------ RECORDS SHOWN

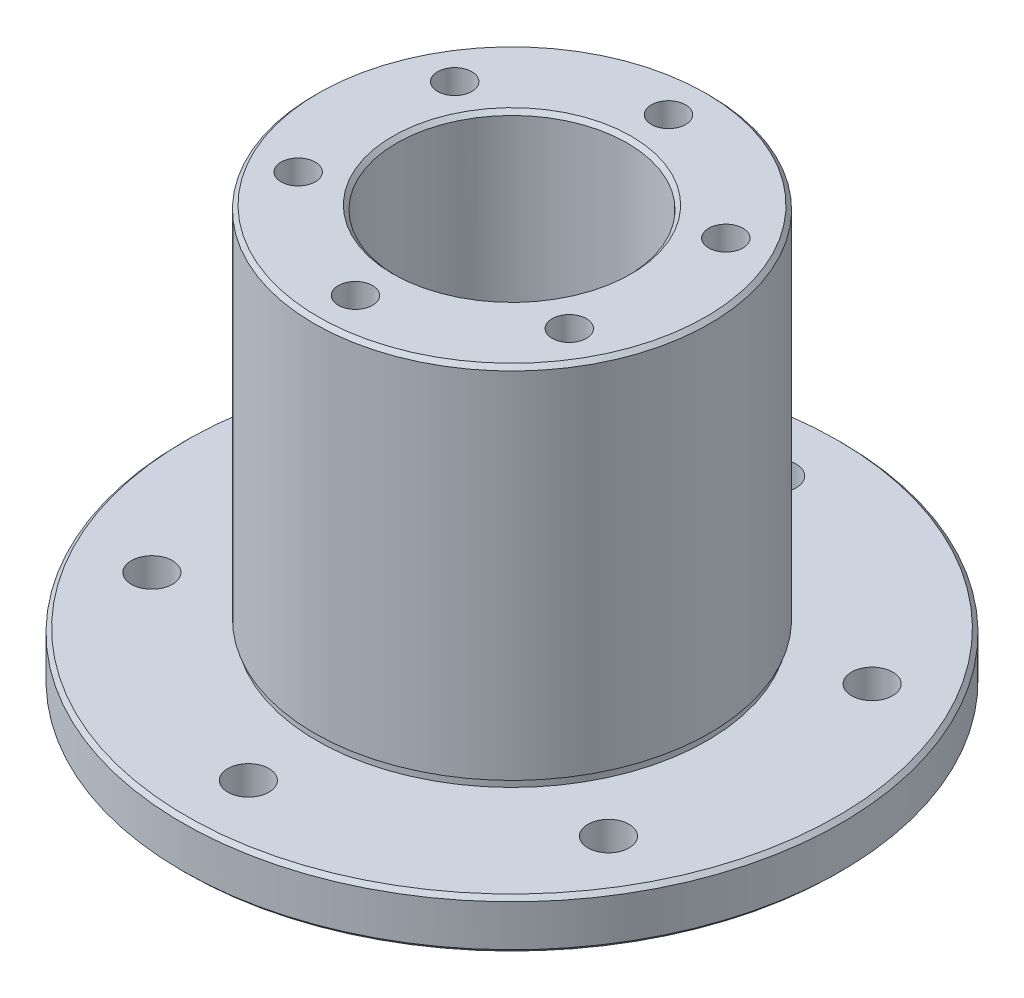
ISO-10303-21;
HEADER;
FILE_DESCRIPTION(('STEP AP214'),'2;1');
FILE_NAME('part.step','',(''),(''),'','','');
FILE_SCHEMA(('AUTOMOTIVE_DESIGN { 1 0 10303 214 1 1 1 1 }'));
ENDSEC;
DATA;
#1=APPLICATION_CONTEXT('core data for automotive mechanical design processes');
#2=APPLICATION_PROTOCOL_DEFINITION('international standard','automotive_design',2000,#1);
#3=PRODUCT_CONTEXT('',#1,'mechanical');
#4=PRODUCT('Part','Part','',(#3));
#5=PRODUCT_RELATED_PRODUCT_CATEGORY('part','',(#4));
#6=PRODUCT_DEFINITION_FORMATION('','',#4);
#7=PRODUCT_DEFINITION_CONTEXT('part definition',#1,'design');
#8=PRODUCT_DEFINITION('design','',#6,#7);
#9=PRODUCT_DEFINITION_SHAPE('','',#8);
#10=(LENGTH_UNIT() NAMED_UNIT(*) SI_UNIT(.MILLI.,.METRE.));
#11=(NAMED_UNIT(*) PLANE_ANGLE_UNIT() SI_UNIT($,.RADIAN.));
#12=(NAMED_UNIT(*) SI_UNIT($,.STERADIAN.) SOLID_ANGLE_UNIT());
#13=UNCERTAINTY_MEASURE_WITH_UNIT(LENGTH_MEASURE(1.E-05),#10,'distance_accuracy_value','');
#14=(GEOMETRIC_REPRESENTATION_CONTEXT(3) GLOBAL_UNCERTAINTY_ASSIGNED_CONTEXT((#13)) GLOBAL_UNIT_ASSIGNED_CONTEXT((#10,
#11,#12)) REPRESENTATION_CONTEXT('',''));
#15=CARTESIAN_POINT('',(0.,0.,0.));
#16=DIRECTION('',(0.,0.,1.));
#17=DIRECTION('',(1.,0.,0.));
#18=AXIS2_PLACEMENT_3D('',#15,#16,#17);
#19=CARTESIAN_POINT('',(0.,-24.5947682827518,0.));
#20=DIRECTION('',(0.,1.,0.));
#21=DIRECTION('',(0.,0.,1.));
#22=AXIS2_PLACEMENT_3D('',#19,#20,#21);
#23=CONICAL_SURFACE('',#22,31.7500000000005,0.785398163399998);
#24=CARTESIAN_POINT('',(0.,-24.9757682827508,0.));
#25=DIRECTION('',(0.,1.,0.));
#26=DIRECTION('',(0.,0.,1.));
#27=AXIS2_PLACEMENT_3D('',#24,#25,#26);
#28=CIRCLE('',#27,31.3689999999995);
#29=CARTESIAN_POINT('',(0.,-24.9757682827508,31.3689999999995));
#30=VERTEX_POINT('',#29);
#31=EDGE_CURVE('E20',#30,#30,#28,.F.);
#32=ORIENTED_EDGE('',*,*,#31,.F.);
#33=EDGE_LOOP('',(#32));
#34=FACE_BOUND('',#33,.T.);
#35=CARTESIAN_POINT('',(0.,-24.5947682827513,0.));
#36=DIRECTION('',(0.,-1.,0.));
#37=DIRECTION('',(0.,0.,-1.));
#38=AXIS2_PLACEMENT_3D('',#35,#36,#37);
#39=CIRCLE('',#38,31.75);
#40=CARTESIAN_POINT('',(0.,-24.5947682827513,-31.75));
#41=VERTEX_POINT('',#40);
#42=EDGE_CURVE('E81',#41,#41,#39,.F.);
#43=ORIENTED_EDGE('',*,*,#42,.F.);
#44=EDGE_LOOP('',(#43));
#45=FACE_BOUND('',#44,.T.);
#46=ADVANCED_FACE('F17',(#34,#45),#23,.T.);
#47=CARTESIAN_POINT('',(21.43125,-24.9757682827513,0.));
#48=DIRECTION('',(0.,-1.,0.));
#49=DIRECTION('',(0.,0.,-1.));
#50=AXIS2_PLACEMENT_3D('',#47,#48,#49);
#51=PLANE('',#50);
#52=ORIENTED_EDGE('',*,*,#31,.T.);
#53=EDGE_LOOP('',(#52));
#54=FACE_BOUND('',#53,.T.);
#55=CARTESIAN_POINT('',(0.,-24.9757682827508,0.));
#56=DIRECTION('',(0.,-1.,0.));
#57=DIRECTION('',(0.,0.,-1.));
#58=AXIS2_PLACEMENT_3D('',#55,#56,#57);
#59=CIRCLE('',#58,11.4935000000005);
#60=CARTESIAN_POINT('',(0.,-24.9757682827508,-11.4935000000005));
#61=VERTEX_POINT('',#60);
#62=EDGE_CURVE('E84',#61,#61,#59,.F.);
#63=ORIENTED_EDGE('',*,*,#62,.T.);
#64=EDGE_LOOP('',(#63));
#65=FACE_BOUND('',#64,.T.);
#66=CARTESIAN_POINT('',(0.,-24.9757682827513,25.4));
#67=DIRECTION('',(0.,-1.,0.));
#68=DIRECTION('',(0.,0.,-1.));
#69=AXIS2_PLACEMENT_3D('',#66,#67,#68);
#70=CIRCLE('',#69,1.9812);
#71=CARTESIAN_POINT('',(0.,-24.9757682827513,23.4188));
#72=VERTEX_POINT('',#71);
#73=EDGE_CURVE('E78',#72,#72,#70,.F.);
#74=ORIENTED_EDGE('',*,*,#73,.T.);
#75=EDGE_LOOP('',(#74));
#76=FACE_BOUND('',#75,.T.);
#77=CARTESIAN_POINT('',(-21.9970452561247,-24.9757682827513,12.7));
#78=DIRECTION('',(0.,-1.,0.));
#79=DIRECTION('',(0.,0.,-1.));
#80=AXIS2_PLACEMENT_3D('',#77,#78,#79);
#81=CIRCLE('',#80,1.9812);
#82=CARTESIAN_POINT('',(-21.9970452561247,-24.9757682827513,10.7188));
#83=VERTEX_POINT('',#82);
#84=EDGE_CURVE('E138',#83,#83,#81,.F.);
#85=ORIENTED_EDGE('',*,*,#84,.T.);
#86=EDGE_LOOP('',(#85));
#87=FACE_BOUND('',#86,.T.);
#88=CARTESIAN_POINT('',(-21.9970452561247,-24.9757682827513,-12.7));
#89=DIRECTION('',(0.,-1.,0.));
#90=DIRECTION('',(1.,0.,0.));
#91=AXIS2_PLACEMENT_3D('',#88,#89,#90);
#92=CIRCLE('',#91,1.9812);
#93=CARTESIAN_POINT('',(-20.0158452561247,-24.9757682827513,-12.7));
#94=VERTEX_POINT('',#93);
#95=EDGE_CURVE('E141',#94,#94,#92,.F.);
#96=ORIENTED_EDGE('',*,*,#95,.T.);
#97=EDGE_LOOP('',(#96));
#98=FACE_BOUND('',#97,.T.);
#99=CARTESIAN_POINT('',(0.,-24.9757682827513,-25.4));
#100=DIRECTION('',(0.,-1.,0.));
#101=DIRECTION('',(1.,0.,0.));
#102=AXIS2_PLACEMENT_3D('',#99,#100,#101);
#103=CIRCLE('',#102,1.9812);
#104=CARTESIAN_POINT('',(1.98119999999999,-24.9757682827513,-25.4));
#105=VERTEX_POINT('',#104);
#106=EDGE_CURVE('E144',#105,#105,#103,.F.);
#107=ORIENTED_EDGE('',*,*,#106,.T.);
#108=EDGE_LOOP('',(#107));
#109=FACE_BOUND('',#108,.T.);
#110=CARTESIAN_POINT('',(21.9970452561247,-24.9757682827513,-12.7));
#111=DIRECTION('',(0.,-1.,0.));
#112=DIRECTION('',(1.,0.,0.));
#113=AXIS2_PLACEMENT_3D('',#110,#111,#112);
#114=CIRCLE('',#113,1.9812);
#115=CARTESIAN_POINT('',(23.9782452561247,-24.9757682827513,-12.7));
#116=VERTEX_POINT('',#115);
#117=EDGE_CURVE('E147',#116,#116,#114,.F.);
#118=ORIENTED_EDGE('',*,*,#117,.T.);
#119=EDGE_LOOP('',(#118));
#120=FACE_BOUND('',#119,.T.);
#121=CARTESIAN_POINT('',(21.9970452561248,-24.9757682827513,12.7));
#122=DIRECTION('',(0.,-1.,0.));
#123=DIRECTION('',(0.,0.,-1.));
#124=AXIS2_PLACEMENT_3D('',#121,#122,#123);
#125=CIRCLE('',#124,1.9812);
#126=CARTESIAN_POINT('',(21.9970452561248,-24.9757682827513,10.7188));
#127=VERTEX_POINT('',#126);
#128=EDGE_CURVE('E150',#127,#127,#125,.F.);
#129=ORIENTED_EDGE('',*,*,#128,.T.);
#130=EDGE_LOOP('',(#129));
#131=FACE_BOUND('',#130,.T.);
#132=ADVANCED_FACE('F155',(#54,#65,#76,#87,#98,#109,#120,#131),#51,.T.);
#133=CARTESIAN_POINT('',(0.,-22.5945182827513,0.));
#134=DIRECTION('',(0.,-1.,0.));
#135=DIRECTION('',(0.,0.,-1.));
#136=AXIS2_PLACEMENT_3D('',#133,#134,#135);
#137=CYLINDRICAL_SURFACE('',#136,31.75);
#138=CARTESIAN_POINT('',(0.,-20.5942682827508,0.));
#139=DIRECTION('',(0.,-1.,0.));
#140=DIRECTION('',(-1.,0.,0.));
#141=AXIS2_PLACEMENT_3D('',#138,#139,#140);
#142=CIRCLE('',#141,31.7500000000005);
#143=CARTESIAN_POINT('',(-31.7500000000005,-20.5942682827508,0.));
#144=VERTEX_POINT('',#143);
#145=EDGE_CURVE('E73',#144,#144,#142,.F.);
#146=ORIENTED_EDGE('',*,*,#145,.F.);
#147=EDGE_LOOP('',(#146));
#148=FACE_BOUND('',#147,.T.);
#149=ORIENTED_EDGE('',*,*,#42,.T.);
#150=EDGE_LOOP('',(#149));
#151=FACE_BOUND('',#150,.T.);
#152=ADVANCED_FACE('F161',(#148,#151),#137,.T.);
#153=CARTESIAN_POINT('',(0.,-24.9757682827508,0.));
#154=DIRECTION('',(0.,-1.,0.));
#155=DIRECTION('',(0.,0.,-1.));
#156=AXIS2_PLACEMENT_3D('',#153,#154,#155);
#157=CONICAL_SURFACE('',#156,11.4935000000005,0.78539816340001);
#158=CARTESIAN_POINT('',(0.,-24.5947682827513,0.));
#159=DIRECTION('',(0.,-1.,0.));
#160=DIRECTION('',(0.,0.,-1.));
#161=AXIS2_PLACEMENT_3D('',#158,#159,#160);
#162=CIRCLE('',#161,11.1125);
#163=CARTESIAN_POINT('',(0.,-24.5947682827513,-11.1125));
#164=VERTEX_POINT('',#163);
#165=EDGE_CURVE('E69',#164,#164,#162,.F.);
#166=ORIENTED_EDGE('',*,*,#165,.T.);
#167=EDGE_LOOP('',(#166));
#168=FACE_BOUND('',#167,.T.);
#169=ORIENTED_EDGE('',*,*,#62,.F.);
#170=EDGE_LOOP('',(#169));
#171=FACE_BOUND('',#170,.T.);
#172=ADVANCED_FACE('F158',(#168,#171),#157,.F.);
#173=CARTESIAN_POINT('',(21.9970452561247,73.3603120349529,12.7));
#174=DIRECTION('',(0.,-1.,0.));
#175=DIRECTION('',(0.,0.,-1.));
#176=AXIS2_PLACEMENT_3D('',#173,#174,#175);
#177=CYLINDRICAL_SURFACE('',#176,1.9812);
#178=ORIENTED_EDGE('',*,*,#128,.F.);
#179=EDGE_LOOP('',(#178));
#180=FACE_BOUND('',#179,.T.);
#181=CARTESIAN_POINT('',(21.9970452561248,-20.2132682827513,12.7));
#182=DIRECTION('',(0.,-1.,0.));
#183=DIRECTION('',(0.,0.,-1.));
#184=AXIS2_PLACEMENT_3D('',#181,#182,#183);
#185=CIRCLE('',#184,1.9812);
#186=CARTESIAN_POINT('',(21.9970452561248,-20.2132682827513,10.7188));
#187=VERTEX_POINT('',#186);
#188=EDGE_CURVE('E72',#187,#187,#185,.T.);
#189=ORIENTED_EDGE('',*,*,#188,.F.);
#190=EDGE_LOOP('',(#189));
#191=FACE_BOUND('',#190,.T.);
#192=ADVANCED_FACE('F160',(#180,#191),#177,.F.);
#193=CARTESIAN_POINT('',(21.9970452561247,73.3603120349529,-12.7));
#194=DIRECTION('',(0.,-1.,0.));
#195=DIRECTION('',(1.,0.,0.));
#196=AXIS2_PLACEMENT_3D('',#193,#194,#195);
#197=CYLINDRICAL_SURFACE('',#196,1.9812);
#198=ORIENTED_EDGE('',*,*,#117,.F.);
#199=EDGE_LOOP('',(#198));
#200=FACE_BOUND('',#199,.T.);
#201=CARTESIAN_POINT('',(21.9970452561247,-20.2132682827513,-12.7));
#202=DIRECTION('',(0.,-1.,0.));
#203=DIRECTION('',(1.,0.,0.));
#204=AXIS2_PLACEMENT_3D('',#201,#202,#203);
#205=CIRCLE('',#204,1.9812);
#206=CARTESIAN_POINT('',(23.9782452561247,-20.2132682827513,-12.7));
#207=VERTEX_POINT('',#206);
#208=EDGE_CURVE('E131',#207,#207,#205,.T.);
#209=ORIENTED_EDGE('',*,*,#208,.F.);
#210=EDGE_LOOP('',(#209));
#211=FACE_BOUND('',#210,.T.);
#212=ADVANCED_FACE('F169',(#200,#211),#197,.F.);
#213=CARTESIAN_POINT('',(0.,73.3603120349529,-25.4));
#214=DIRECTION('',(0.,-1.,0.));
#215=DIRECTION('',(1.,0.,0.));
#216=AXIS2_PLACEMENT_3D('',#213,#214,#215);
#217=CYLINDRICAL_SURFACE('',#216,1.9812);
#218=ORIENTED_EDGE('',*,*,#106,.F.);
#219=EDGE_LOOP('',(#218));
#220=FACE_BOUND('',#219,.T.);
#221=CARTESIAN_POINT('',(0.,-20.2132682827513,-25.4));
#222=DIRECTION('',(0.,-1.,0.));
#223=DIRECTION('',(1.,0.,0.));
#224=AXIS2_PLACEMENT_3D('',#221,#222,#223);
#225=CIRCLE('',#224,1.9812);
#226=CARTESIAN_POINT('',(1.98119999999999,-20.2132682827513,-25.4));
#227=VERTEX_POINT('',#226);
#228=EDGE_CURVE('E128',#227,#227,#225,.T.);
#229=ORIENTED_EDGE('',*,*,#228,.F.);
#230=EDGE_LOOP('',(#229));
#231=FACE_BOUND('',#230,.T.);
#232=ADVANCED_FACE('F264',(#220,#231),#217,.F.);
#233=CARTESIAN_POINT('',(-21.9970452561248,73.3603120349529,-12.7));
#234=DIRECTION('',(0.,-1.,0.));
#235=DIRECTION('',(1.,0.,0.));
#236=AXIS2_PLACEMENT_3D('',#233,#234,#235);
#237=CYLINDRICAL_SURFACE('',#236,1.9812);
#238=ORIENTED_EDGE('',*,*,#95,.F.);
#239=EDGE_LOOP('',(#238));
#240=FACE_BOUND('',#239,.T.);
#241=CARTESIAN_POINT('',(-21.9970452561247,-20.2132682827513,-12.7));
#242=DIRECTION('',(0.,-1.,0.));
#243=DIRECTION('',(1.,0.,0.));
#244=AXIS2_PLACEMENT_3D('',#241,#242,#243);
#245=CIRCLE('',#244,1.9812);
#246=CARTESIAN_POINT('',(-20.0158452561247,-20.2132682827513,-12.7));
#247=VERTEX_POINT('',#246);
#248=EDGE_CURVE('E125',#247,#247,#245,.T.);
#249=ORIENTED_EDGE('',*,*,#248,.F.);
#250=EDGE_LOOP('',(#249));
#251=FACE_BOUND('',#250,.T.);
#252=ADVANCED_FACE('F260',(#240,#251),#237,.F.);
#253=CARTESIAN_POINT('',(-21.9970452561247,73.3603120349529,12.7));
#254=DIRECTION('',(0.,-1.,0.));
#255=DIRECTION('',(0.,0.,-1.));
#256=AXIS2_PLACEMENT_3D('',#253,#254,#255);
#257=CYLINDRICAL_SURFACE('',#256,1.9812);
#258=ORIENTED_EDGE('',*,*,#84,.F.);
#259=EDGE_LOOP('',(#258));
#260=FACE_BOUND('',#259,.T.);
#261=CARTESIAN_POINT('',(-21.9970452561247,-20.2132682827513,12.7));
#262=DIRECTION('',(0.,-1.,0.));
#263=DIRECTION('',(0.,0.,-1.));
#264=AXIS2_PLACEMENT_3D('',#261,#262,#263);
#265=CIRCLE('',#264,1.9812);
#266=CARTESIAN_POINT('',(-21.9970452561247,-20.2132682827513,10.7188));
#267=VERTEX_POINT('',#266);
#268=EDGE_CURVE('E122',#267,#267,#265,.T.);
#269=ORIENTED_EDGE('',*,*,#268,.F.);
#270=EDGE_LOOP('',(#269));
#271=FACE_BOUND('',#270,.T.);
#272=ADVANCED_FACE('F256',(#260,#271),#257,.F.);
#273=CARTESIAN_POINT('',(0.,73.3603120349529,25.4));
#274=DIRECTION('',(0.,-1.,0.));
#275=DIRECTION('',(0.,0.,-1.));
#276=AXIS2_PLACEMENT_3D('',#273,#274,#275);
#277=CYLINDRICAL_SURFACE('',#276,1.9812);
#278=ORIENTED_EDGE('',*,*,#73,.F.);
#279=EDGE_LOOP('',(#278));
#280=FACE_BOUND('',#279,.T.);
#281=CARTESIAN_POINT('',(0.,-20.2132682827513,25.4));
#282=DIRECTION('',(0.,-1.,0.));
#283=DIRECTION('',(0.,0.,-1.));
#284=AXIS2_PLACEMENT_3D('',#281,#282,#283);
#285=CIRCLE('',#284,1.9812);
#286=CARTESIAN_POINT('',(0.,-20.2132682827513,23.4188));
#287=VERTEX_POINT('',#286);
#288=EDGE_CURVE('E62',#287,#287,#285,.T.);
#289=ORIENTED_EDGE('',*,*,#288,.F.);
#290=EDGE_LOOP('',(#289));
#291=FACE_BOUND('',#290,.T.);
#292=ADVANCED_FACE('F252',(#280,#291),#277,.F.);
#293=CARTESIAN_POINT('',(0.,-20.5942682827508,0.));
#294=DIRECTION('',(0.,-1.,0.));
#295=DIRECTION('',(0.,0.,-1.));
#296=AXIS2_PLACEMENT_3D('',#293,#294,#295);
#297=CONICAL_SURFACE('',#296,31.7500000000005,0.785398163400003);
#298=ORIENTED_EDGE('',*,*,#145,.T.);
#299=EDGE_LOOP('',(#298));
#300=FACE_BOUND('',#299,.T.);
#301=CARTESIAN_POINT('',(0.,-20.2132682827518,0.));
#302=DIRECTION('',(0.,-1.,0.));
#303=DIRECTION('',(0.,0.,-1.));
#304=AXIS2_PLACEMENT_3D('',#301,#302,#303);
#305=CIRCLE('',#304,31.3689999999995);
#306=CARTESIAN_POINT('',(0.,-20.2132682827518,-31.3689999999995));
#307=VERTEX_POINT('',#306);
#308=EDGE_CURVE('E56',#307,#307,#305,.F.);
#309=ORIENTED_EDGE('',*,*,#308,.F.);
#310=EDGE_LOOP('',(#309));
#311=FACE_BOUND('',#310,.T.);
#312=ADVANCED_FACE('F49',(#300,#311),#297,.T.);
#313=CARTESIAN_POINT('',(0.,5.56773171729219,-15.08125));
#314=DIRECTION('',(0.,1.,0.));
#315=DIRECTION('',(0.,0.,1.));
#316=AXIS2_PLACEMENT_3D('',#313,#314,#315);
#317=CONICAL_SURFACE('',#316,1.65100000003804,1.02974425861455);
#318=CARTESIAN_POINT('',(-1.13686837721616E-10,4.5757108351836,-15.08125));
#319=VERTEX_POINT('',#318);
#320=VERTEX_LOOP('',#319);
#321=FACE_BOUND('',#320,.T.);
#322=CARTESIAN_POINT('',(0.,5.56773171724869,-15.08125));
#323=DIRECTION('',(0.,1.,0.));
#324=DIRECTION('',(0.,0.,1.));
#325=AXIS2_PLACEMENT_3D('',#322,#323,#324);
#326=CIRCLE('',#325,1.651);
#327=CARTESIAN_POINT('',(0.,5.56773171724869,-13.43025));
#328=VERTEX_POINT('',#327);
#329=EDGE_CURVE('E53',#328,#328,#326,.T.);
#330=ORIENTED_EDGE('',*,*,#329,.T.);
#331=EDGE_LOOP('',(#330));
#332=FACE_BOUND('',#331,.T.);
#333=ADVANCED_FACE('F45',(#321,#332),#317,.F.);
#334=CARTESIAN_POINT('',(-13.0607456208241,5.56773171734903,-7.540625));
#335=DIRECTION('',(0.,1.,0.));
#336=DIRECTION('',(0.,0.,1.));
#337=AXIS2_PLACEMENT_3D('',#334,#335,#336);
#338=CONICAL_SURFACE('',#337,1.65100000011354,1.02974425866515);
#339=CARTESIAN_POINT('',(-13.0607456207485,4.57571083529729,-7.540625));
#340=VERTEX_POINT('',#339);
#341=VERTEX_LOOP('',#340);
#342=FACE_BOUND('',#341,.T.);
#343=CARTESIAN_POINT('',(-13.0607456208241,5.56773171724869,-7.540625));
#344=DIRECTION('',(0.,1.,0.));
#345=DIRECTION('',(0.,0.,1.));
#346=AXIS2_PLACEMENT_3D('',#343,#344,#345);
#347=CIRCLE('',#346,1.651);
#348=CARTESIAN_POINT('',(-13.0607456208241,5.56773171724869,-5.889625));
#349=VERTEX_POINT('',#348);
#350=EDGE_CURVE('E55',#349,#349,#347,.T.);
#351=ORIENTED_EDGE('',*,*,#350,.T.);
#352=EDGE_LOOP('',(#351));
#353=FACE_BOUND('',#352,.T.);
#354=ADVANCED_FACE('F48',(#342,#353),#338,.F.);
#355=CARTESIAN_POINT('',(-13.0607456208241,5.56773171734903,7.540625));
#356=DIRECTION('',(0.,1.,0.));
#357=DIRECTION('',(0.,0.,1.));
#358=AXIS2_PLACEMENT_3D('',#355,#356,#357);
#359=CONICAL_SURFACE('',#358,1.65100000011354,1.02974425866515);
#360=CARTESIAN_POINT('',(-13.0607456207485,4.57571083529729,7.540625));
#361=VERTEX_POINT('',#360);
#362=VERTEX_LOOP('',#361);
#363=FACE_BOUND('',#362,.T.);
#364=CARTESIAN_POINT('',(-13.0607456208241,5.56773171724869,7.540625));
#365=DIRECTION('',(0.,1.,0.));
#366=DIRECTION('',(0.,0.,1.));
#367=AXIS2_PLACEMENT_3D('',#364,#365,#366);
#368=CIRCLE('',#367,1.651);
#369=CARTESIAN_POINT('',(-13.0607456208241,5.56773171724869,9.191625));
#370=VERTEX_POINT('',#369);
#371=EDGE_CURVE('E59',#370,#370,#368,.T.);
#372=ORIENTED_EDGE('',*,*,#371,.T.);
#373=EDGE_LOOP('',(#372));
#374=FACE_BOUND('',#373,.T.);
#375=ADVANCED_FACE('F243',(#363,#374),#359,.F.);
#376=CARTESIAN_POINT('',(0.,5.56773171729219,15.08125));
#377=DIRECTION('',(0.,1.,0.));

------------

WHAT THE TASK ASKS -> Among the records above, only the lines between the line holding "#72=VERTEX_POINT('',#71);" and the line holding "#81=CIRCLE('',#80,1.9812);", inclusive, are to be output, exactly as written.

RESULT BELOW ->
#72=VERTEX_POINT('',#71);
#73=EDGE_CURVE('E78',#72,#72,#70,.F.);
#74=ORIENTED_EDGE('',*,*,#73,.T.);
#75=EDGE_LOOP('',(#74));
#76=FACE_BOUND('',#75,.T.);
#77=CARTESIAN_POINT('',(-21.9970452561247,-24.9757682827513,12.7));
#78=DIRECTION('',(0.,-1.,0.));
#79=DIRECTION('',(0.,0.,-1.));
#80=AXIS2_PLACEMENT_3D('',#77,#78,#79);
#81=CIRCLE('',#80,1.9812);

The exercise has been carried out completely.